On the dimension and smoothness of radial projections

TL;DR

This paper investigates the dimension and smoothness properties of radial projections of sets and measures in Euclidean spaces, establishing conditions under which these projections have positive dimension and are absolutely continuous.

Contribution

It provides new results characterizing when radial projections have positive dimension and are smooth, including sharp bounds on exceptional sets for measures with finite energy.

Findings

Radial projections of sets with positive dimension are large unless on a line or zero-dimensional.

For measures with finite s-energy, radial projections are absolutely continuous outside a small exceptional set.
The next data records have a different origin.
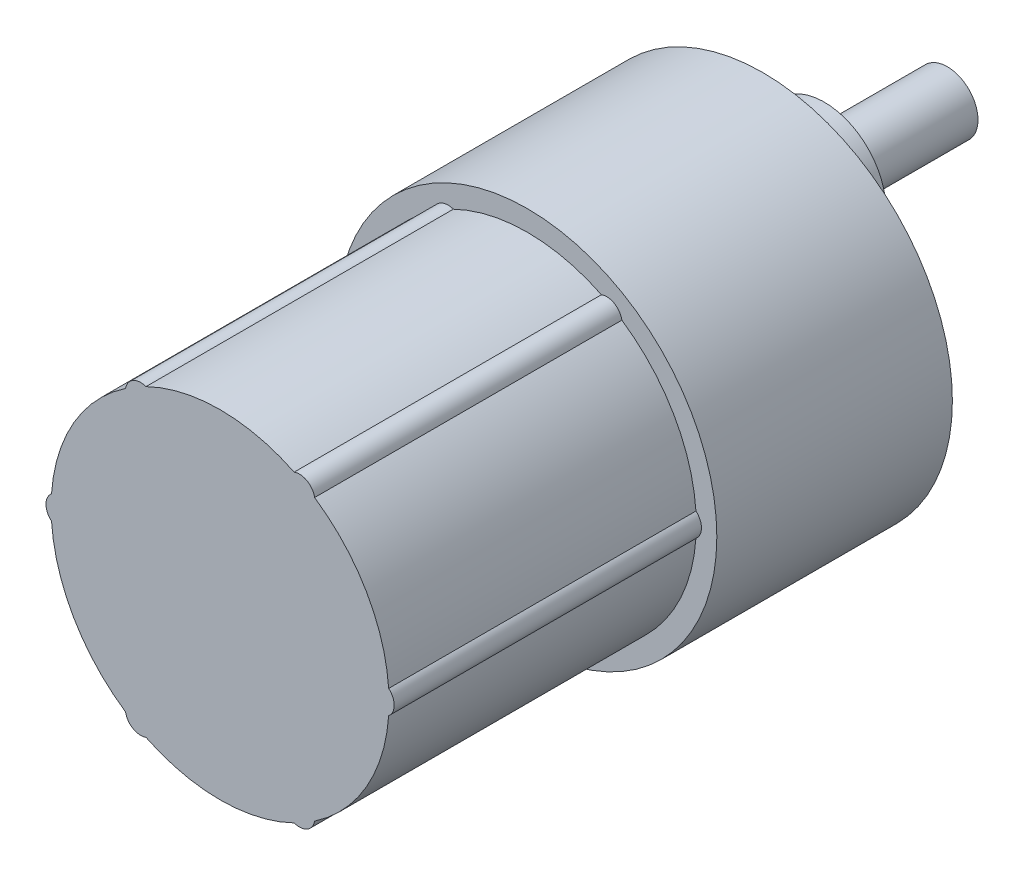
SolidWorks part; units mm, degrees
ref_plane "前视基准面" through (0, 0, 0) normal (0, 0, 1) x (1, 0, 0)
ref_plane "上视基准面" through (0, 0, 0) normal (0, 1, 0) x (1, 0, 0)
ref_plane "右视基准面" through (0, 0, 0) normal (1, 0, 0) x (0, 0, -1)
sketch "草图1" plane through (0, 0, 0) normal (0, 0, 1) x (1, 0, 0)
  circle A0 centre (0, 0) radius 18.5
  circle A1 centre (0, 0) radius 15.5 construction
  circle A2 centre (0, 0) radius 16.5
  circle A3 centre (-15.5, 0) radius 1.5
  circle A4 centre (-7.75, 13.4234) radius 1.5
  circle A5 centre (7.75, 13.4234) radius 1.5
  circle A6 centre (15.5, 0) radius 1.5
  circle A7 centre (7.75, -13.4234) radius 1.5
  circle A8 centre (-7.75, -13.4234) radius 1.5
  circle A9 centre (0, 7) radius 3
  circle A10 centre (0, 7) radius 6
  point P19 (0, 0)
  dimension "D1" = 37
  dimension "D2" = 31
  dimension "D3" = 33
  dimension "D4" = 3
  dimension "D6" = 6
  dimension "D7" = 7
  dimension "D8" = 12
  dimension "D5" = 6
extrude "凸台-拉伸1" add sketch "草图1" along normal blind 23 contours A0 A8 A2 A3 A4 A5 A6 A7 | A8 A2 A7 A6 A5 A4 A3 A10 | A10 A9 | A9 region at (-17.9767, 0, 0) region at (0, -1.1236, 0) region at (0, 7, 0) region at (-5.8303, 7, 0)
extrude "凸台-拉伸2" add sketch "草图1<3>" against normal blind 6 contours A10 A9 region at (-5.8303, 7, 0)
sketch "草图1<3>" plane through (0, 0, 0) normal (0, 0, 1) x (1, 0, 0) same geometry as "草图1"
extrude "凸台-拉伸3" add sketch "草图1<4>" against normal blind 18 contours A9 region at (0, 7, 0)
sketch "草图1<4>" plane through (0, 0, 0) normal (0, 0, 1) x (1, 0, 0) same geometry as "草图1"
extrude "凸台-拉伸5" add sketch "草图1<5>" along normal blind 53 contours A2 A4 | A2 A4 | A2 A3 | A2 A3 | A2 A8 | A2 A7 | A2 A7 | A2 A5 | A2 A6 | A2 A5 | A8 A2 A7 A6 A5 A4 A3 A10 | A10 A9 | A9 | A8 | A6 region at (15.3466, 0, 0) region at (0, -1.1236, 0) region at (7.6733, 13.2906, 0) region at (8.3476, 14.4585, 0) region at (8.3476, -14.4585, 0) region at (7.6733, -13.2906, 0) region at (-7.6733, 13.2906, 0) region at (-8.3476, 14.4585, 0) region at (-7.6733, -13.2906, 0) region at (-15.3466, 0, 0) region at (-16.6952, 0, 0) region at (0, 7, 0) region at (-5.8303, 7, 0)
sketch "草图1<5>" plane through (0, 0, 0) normal (0, 0, 1) x (1, 0, 0) same geometry as "草图1"
extrude "切除-拉伸3" cut sketch "草图1<6>" along normal blind 10 contours A2 A6 | A2 A6 | A2 A7 | A2 A8 | A2 A8 | A2 A3 | A2 A3 | A2 A5 | A2 A5 | A2 A4 | A2 A4 | A2 A7 region at (15.3466, 0, 0) region at (16.6952, 0, 0) region at (7.6733, 13.2906, 0) region at (8.3476, 14.4585, 0) region at (8.3476, -14.4585, 0) region at (7.6733, -13.2906, 0) region at (-7.6733, 13.2906, 0) region at (-8.3476, 14.4585, 0) region at (-8.3476, -14.4585, 0) region at (-7.6733, -13.2906, 0) region at (-15.3466, 0, 0) region at (-16.6952, 0, 0)
sketch "草图1<6>" plane through (0, 0, 0) normal (0, 0, 1) x (1, 0, 0) same geometry as "草图1"

The dimension bounds on the exceptional set are proven to be sharp.

Abstract

This paper contains two results on the dimension and smoothness of radial projections of sets and measures in Euclidean spaces. To introduce the first one, assume that $E,K \subset \mathbb{R}^{2}$ are non-empty Borel sets with $\dim_{\mathrm{H}} K > 0$. Does the radial projection of $K$ to some point in $E$ have positive dimension? Not necessarily: $E$ can be zero-dimensional, or $E$ and $K$ can lie on a common line. I prove that these are the only obstructions: if $\dim_{\mathrm{H}} E > 0$, and $E$ does not lie on a line, then there exists a point in $x \in E$ such that the radial projection $\pi_{x}(K)$ has Hausdorff dimension at least $(\dim_{\mathrm{H}} K)/2$. Applying the result with $E = K$ gives the following corollary: if $K \subset \mathbb{R}^{2}$ is Borel set, which does not lie on a line, then the set of directions spanned by $K$ has Hausdorff dimension at least $(\dim_{\mathrm{H}} K)/2$. For the second result, let $d \geq 2$ and $d - 1 < s < d$. Let $\mu$ be a compactly supported Radon measure in $\mathbb{R}^{d}$ with finite $s$-energy. I prove that the radial projections of $\mu$ are absolutely continuous with respect to $\mathcal{H}^{d - 1}$ for every centre in $\mathbb{R}^{d} \setminus \operatorname{spt} \mu$, outside an exceptional set of dimension at most $2(d - 1) - s$. In fact, for $x$ outside an exceptional set as above, the proof shows that $\pi_{x\sharp}\mu \in L^{p}(S^{d - 1})$ for some $p > 1$. The dimension bound on the exceptional set is sharp.